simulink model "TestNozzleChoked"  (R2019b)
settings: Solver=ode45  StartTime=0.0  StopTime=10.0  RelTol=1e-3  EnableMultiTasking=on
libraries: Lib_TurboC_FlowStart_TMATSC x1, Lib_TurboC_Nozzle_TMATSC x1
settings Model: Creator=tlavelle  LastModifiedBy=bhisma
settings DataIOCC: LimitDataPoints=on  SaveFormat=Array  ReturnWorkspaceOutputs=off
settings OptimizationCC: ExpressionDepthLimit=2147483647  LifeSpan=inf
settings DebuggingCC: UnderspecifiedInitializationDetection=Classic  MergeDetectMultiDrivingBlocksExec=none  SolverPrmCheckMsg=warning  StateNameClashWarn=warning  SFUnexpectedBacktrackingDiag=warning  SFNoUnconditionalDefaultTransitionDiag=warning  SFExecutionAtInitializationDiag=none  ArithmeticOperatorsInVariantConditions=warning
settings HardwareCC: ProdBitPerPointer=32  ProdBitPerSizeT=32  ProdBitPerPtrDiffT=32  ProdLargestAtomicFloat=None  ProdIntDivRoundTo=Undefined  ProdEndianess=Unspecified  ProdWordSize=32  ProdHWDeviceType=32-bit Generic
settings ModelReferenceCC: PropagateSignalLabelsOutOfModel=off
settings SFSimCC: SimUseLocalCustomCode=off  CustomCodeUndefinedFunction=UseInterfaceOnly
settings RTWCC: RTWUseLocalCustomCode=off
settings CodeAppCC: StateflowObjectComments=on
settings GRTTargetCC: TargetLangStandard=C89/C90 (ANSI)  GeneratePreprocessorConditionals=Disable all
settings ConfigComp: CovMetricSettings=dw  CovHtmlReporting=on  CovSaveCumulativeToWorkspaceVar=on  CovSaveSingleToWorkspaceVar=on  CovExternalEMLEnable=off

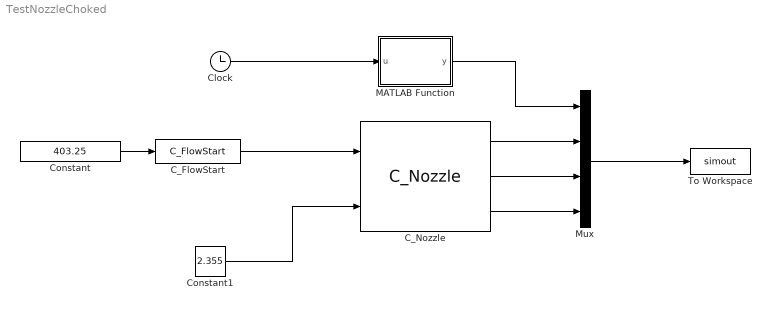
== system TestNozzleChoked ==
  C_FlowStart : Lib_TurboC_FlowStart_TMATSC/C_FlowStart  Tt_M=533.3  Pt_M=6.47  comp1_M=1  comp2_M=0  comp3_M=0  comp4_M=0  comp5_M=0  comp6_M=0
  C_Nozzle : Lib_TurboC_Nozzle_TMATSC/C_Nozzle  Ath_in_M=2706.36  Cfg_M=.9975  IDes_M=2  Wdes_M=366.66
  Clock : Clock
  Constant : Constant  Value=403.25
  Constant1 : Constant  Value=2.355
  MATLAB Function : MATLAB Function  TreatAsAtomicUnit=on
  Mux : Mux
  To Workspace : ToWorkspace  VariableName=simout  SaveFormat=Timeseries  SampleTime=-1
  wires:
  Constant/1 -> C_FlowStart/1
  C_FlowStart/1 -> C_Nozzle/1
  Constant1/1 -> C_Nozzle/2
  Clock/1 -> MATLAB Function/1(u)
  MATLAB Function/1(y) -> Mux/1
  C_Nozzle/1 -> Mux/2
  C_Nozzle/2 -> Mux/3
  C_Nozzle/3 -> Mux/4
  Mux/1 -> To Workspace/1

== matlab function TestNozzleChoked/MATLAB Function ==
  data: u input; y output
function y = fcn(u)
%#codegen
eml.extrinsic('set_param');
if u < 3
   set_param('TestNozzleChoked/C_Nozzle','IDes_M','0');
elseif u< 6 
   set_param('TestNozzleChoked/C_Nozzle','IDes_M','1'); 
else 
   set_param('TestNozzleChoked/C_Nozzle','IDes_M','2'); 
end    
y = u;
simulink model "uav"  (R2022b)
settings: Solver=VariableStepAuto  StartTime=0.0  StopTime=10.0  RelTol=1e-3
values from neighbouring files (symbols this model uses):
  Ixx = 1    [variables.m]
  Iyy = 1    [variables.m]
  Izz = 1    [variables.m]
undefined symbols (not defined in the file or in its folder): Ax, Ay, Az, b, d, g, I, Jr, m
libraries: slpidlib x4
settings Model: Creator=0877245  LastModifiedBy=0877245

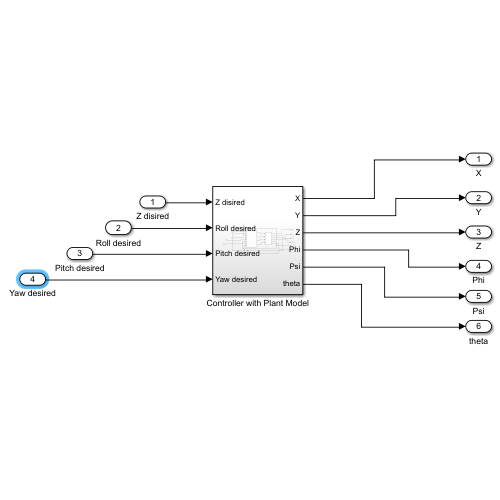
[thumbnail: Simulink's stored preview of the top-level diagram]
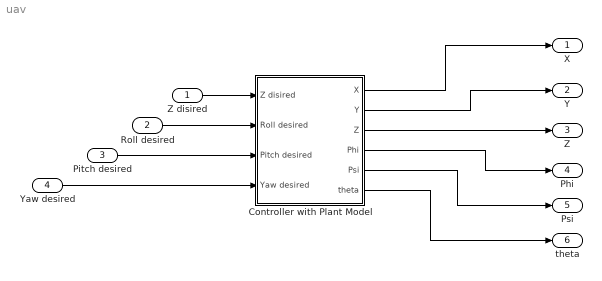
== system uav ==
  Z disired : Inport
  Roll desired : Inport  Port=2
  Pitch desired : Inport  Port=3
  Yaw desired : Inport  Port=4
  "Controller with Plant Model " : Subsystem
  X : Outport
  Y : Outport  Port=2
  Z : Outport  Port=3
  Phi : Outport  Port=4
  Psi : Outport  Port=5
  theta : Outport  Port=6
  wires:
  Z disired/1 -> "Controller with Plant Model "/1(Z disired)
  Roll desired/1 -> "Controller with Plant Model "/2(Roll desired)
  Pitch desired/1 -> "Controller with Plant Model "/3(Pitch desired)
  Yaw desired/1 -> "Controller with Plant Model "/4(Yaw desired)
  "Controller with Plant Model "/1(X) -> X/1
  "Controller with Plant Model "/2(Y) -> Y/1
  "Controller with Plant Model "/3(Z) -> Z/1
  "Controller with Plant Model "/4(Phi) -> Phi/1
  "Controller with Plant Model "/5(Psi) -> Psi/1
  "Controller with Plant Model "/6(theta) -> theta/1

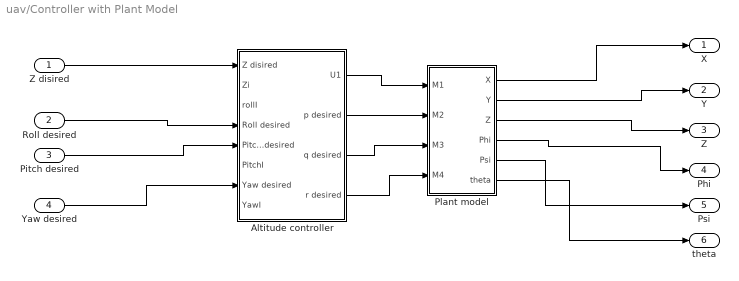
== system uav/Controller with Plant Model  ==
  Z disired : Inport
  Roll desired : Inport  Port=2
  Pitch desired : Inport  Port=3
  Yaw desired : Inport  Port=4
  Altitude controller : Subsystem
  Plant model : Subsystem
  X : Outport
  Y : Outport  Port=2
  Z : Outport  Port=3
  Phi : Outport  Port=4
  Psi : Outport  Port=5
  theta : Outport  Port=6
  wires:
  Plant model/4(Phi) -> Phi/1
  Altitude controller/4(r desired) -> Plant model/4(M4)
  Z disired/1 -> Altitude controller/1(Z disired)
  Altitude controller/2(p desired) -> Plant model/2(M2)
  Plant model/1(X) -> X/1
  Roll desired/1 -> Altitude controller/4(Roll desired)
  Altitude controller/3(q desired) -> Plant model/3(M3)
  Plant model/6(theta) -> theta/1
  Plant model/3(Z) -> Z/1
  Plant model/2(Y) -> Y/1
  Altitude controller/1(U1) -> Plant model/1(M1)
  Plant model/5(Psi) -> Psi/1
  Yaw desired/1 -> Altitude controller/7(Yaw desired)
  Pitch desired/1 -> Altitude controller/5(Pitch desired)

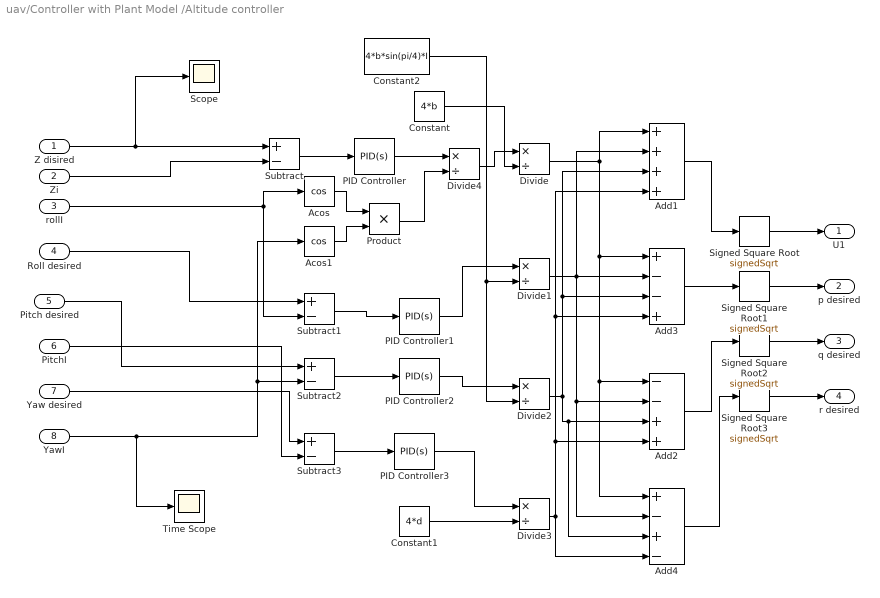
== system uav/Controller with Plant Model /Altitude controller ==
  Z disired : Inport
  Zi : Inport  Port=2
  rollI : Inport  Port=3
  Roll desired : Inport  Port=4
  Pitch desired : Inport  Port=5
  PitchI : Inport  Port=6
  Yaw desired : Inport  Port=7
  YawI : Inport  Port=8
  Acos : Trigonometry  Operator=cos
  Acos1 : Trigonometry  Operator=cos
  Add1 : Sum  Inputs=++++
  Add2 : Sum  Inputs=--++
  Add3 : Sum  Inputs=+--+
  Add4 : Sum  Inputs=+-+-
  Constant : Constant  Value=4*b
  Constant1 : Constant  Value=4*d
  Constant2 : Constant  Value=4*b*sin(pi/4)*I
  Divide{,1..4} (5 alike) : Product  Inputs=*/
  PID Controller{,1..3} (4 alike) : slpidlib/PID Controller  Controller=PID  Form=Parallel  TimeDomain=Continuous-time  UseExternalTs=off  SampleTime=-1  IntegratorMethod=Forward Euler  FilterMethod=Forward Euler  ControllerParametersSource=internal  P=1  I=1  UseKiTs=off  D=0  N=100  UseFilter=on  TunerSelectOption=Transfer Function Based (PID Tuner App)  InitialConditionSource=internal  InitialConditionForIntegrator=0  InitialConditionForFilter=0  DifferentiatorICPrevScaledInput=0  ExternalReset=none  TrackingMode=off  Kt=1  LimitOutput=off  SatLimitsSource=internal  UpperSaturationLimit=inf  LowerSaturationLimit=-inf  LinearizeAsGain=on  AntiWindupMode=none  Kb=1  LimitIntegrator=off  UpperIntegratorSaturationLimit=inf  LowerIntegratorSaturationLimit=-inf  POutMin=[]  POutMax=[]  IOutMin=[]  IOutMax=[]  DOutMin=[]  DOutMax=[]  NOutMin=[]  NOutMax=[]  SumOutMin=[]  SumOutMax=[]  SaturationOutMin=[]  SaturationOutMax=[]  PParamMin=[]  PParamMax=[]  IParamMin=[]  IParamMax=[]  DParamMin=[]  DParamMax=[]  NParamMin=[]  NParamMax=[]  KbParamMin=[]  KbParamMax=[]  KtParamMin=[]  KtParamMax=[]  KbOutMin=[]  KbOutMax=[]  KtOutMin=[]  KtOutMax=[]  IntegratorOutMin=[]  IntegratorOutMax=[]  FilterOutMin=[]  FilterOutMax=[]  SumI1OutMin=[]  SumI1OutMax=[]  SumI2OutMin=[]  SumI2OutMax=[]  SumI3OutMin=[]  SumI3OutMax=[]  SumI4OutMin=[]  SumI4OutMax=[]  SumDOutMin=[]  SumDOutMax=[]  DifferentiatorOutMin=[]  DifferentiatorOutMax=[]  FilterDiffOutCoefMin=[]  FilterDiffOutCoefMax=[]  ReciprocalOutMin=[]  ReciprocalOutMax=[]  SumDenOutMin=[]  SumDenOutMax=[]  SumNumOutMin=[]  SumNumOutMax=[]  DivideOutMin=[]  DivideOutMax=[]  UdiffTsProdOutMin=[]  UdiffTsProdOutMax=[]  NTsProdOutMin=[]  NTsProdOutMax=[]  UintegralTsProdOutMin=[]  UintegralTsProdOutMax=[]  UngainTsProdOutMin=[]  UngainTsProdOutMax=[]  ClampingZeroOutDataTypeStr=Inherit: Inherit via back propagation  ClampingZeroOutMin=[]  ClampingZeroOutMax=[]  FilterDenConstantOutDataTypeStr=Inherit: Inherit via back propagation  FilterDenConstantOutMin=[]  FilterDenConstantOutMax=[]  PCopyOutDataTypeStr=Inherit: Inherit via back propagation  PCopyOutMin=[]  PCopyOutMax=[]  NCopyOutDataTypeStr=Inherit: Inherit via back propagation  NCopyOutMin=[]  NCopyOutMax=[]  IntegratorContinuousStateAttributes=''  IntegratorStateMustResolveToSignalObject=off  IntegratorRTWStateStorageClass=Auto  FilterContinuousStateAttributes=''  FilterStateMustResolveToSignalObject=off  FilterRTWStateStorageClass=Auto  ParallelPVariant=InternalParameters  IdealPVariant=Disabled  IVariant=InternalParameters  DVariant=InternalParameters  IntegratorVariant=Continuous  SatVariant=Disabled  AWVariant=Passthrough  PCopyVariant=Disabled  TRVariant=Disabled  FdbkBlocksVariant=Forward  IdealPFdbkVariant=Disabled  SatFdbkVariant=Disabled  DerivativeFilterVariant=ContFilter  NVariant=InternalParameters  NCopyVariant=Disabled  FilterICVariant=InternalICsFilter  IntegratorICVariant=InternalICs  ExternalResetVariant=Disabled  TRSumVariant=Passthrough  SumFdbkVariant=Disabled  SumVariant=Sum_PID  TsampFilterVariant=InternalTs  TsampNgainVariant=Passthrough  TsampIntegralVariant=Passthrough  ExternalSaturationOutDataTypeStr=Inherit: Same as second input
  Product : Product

________________________________________

● What the task asks: Exactly repeat the lines above, from the opening line through the one with "settings GRTTargetCC: TargetLangStandard=C89/C90", and include nothing else.

● Reply:
simulink model "TestNozzleChoked"  (R2019b)
settings: Solver=ode45  StartTime=0.0  StopTime=10.0  RelTol=1e-3  EnableMultiTasking=on
libraries: Lib_TurboC_FlowStart_TMATSC x1, Lib_TurboC_Nozzle_TMATSC x1
settings Model: Creator=tlavelle  LastModifiedBy=bhisma
settings DataIOCC: LimitDataPoints=on  SaveFormat=Array  ReturnWorkspaceOutputs=off
settings OptimizationCC: ExpressionDepthLimit=2147483647  LifeSpan=inf
settings DebuggingCC: UnderspecifiedInitializationDetection=Classic  MergeDetectMultiDrivingBlocksExec=none  SolverPrmCheckMsg=warning  StateNameClashWarn=warning  SFUnexpectedBacktrackingDiag=warning  SFNoUnconditionalDefaultTransitionDiag=warning  SFExecutionAtInitializationDiag=none  ArithmeticOperatorsInVariantConditions=warning
settings HardwareCC: ProdBitPerPointer=32  ProdBitPerSizeT=32  ProdBitPerPtrDiffT=32  ProdLargestAtomicFloat=None  ProdIntDivRoundTo=Undefined  ProdEndianess=Unspecified  ProdWordSize=32  ProdHWDeviceType=32-bit Generic
settings ModelReferenceCC: PropagateSignalLabelsOutOfModel=off
settings SFSimCC: SimUseLocalCustomCode=off  CustomCodeUndefinedFunction=UseInterfaceOnly
settings RTWCC: RTWUseLocalCustomCode=off
settings CodeAppCC: StateflowObjectComments=on
settings GRTTargetCC: TargetLangStandard=C89/C90 (ANSI)  GeneratePreprocessorConditionals=Disable all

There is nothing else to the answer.